── Material for the task ──

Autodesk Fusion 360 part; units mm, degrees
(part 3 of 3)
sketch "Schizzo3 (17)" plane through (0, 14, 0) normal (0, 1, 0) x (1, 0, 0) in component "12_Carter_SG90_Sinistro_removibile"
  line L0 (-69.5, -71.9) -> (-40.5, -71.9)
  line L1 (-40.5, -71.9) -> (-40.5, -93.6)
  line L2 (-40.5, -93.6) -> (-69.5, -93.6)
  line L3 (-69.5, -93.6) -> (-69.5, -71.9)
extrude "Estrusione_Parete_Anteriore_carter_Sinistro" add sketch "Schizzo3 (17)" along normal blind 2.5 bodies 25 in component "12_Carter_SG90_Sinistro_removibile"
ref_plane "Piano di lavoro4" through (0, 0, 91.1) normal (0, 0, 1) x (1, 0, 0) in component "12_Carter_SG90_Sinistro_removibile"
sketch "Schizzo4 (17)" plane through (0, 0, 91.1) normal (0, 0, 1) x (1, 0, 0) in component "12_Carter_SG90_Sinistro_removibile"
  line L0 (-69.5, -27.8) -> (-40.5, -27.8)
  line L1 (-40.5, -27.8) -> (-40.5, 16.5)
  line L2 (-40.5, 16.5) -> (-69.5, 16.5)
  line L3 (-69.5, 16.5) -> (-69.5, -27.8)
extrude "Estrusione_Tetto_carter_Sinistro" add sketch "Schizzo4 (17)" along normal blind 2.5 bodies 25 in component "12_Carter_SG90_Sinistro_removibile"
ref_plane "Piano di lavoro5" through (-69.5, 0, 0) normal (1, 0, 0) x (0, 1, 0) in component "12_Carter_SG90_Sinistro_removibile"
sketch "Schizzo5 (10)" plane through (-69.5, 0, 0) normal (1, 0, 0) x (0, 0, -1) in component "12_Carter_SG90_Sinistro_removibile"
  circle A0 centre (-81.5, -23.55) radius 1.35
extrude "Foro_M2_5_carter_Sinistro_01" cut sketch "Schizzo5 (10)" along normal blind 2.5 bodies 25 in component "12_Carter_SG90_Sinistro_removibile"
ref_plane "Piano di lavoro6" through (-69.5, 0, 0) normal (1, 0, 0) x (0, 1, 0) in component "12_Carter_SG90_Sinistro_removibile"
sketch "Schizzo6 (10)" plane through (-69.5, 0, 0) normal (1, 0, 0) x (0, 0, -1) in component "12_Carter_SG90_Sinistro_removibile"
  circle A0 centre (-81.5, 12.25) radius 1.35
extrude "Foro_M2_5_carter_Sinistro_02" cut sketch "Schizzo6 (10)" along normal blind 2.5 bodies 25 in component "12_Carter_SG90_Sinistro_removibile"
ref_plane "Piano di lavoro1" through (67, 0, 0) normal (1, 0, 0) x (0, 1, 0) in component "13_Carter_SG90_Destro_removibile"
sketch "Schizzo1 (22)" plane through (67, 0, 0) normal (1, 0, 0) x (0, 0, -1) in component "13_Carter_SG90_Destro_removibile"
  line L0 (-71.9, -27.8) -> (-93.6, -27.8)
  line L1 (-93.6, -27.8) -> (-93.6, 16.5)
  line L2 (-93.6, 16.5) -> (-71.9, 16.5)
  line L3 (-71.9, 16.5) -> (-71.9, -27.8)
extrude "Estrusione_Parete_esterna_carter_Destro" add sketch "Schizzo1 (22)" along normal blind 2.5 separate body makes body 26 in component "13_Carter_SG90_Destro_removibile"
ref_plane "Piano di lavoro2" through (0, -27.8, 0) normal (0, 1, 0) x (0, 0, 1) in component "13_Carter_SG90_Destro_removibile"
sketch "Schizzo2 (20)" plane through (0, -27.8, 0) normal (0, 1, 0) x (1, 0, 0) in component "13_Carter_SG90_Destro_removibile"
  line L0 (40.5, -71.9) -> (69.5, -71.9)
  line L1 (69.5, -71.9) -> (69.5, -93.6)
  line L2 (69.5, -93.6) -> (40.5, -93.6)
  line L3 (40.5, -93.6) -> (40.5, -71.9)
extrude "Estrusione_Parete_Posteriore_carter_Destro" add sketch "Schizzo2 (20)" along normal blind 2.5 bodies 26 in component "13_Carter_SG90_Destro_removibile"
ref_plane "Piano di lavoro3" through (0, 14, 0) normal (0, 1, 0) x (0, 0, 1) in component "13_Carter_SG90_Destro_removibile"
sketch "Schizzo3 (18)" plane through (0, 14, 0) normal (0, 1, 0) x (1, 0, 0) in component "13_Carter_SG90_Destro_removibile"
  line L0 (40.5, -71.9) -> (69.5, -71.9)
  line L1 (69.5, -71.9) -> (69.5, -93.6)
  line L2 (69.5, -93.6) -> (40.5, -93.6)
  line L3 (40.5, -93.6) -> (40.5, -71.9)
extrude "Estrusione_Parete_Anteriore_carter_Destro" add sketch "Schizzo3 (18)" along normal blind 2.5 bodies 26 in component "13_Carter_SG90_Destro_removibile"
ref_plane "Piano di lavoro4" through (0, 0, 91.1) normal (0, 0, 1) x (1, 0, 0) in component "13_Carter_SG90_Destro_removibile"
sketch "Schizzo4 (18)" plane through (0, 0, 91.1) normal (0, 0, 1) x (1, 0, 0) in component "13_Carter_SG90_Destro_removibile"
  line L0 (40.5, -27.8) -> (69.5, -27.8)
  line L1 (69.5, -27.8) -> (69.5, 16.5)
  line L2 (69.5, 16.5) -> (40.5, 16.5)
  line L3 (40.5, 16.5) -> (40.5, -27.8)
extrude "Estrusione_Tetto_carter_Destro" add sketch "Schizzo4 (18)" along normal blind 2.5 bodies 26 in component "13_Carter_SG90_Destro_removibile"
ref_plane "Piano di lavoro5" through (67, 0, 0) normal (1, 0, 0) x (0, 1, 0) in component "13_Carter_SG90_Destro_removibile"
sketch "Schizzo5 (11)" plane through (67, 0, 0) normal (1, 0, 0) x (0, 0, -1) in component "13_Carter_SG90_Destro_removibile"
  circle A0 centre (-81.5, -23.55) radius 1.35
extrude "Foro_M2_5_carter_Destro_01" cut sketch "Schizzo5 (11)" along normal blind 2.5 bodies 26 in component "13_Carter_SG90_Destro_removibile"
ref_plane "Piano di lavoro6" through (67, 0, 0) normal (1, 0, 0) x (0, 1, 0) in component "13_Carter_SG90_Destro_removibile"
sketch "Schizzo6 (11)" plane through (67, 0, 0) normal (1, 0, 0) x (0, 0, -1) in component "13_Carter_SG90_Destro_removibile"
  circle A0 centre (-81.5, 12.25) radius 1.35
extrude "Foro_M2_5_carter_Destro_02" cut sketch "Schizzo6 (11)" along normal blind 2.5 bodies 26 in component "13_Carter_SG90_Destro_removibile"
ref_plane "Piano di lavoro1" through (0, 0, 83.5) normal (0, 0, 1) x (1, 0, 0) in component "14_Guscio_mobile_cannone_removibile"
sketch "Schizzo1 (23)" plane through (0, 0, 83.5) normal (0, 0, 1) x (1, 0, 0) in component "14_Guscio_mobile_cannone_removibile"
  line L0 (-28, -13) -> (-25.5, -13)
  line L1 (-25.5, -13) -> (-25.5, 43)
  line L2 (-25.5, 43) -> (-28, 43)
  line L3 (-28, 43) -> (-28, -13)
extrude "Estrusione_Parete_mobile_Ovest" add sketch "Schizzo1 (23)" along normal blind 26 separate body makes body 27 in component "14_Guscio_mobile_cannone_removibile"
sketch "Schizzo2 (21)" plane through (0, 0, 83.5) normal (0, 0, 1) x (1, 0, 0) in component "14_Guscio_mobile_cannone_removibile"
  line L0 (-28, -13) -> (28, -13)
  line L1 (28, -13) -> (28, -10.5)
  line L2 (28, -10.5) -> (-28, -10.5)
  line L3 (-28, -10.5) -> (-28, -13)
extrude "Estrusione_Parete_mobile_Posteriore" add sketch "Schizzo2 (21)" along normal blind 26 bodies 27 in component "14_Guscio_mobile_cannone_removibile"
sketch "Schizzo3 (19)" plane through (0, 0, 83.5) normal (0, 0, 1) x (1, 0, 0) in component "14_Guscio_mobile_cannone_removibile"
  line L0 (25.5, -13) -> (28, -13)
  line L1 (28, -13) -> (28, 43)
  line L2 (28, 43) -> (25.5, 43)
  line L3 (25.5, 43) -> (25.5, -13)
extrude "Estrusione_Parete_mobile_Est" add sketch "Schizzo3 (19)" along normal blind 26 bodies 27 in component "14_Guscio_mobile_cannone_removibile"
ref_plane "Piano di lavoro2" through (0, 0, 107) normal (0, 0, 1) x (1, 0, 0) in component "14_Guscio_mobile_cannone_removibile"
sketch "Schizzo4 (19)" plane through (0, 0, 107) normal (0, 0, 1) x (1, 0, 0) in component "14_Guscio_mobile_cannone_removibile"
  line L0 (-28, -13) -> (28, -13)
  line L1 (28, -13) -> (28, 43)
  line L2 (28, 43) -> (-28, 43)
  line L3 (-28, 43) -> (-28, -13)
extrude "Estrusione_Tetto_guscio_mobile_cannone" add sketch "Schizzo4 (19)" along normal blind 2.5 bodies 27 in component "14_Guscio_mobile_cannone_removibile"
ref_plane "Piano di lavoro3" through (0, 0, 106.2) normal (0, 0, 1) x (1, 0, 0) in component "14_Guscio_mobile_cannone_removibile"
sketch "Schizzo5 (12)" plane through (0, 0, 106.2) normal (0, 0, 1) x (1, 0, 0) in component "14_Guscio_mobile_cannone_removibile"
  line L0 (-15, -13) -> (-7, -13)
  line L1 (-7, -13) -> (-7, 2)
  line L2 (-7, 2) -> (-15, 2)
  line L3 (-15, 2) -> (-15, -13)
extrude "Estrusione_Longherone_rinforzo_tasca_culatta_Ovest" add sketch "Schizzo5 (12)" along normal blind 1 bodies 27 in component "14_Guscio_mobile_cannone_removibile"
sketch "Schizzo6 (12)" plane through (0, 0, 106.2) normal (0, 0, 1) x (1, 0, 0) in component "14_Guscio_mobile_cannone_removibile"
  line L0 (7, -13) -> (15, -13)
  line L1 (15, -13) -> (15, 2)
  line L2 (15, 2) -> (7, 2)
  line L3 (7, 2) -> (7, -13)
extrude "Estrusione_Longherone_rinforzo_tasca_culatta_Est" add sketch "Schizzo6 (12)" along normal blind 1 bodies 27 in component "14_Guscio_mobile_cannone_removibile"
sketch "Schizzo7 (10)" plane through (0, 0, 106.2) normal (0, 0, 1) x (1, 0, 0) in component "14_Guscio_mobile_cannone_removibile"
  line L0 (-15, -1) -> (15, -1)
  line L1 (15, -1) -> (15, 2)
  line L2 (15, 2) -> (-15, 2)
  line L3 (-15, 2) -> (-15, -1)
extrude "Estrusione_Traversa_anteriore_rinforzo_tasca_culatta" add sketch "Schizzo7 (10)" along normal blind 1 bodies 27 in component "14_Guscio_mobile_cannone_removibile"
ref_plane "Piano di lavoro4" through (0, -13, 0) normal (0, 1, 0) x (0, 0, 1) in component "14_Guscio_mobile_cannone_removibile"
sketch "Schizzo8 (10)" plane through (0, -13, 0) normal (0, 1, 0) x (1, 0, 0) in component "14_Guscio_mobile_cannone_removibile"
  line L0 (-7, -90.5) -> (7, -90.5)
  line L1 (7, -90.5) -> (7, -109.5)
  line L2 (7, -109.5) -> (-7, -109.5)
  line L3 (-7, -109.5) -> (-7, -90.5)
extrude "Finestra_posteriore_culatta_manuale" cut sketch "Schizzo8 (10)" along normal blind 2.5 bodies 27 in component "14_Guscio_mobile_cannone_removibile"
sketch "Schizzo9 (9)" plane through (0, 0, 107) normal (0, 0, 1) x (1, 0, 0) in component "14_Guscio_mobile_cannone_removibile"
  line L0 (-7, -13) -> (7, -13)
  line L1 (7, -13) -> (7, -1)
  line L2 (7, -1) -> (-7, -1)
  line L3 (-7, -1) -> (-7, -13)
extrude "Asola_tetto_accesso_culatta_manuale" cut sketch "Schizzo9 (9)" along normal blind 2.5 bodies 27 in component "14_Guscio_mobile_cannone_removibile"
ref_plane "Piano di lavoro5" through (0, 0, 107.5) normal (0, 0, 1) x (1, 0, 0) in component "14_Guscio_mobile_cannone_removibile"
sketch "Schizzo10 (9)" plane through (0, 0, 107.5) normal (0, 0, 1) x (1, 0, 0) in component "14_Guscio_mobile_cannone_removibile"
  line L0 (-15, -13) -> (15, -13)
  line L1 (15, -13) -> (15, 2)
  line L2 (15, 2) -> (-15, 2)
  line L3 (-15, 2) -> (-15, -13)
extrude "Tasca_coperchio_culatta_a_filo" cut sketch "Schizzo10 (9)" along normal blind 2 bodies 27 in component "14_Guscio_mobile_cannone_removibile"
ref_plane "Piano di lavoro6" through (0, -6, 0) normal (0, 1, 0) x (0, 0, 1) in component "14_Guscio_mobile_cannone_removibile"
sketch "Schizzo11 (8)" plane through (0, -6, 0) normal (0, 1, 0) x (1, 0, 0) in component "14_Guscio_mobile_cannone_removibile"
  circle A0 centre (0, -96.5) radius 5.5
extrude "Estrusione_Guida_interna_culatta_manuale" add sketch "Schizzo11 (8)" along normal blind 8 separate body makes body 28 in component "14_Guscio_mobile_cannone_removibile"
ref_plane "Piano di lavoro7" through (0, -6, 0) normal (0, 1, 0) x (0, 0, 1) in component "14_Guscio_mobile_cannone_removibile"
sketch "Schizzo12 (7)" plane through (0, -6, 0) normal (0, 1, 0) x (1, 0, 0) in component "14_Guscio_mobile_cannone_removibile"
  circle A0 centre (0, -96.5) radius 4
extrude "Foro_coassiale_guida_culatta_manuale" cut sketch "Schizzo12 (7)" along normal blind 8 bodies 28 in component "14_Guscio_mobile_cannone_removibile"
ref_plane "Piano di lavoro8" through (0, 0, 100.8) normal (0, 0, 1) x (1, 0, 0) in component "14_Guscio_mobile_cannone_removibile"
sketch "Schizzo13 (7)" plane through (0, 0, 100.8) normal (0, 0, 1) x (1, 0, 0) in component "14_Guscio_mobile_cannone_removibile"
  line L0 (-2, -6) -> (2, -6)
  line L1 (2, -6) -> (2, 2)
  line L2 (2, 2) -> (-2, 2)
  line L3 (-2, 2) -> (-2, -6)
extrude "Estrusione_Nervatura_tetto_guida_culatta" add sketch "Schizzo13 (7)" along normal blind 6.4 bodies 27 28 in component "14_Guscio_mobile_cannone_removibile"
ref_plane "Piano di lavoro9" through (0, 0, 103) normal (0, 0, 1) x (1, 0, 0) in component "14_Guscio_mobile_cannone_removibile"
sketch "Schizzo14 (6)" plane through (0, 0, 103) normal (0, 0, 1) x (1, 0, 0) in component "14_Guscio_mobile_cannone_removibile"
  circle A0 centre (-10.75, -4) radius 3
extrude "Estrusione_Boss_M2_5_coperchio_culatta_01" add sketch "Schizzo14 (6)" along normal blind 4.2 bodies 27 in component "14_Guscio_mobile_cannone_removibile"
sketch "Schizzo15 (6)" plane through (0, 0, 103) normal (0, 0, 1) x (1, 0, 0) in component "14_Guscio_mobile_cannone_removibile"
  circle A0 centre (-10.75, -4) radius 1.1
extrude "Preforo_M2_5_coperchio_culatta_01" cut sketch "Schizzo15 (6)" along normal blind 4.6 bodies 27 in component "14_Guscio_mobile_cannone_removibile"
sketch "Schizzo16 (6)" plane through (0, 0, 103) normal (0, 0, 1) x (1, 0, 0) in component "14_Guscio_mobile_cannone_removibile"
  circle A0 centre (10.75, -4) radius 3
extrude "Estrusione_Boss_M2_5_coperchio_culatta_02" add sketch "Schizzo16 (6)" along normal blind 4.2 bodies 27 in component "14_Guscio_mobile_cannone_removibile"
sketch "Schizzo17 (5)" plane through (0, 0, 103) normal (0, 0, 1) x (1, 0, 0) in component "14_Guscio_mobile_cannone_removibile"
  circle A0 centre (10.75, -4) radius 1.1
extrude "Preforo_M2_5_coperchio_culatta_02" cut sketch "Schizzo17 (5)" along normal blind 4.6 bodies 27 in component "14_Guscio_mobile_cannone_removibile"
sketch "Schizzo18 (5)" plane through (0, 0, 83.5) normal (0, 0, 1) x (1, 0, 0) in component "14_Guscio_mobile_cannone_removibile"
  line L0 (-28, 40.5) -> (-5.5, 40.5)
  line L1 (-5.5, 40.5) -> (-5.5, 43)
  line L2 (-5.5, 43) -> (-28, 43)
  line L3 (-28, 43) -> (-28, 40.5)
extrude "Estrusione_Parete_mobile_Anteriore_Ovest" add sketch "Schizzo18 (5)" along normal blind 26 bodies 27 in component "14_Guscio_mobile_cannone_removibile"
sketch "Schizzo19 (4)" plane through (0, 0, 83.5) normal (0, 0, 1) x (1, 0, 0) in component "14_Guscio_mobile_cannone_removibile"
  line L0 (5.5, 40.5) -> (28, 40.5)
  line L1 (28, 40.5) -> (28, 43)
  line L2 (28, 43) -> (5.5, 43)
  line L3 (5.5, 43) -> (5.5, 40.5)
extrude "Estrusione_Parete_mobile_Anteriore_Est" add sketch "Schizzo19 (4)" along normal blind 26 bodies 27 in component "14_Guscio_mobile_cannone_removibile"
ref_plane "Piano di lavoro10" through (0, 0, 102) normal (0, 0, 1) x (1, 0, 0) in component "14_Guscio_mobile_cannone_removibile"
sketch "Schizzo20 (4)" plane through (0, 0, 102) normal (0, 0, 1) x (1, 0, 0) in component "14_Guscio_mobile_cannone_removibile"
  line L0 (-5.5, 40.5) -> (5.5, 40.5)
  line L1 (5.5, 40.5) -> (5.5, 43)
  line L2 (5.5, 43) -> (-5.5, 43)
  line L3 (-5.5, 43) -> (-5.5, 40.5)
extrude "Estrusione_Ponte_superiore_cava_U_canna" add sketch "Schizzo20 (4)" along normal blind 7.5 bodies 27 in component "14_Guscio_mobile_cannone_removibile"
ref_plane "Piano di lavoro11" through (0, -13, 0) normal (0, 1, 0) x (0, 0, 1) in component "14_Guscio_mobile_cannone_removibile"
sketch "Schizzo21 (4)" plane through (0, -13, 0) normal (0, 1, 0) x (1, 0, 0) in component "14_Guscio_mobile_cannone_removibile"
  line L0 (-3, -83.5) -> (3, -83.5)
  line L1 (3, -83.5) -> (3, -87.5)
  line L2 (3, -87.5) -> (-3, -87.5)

───

▶ _What you need to do_:
Your answer is the line containing "line L2 (28, 43) -> (5.5, 43)" plus every line after it through the end of the entries, given again exactly and alone.

▶ _Response_:
  line L2 (28, 43) -> (5.5, 43)
  line L3 (5.5, 43) -> (5.5, 40.5)
extrude "Estrusione_Parete_mobile_Anteriore_Est" add sketch "Schizzo19 (4)" along normal blind 26 bodies 27 in component "14_Guscio_mobile_cannone_removibile"
ref_plane "Piano di lavoro10" through (0, 0, 102) normal (0, 0, 1) x (1, 0, 0) in component "14_Guscio_mobile_cannone_removibile"
sketch "Schizzo20 (4)" plane through (0, 0, 102) normal (0, 0, 1) x (1, 0, 0) in component "14_Guscio_mobile_cannone_removibile"
  line L0 (-5.5, 40.5) -> (5.5, 40.5)
  line L1 (5.5, 40.5) -> (5.5, 43)
  line L2 (5.5, 43) -> (-5.5, 43)
  line L3 (-5.5, 43) -> (-5.5, 40.5)
extrude "Estrusione_Ponte_superiore_cava_U_canna" add sketch "Schizzo20 (4)" along normal blind 7.5 bodies 27 in component "14_Guscio_mobile_cannone_removibile"
ref_plane "Piano di lavoro11" through (0, -13, 0) normal (0, 1, 0) x (0, 0, 1) in component "14_Guscio_mobile_cannone_removibile"
sketch "Schizzo21 (4)" plane through (0, -13, 0) normal (0, 1, 0) x (1, 0, 0) in component "14_Guscio_mobile_cannone_removibile"
  line L0 (-3, -83.5) -> (3, -83.5)
  line L1 (3, -83.5) -> (3, -87.5)
  line L2 (3, -87.5) -> (-3, -87.5)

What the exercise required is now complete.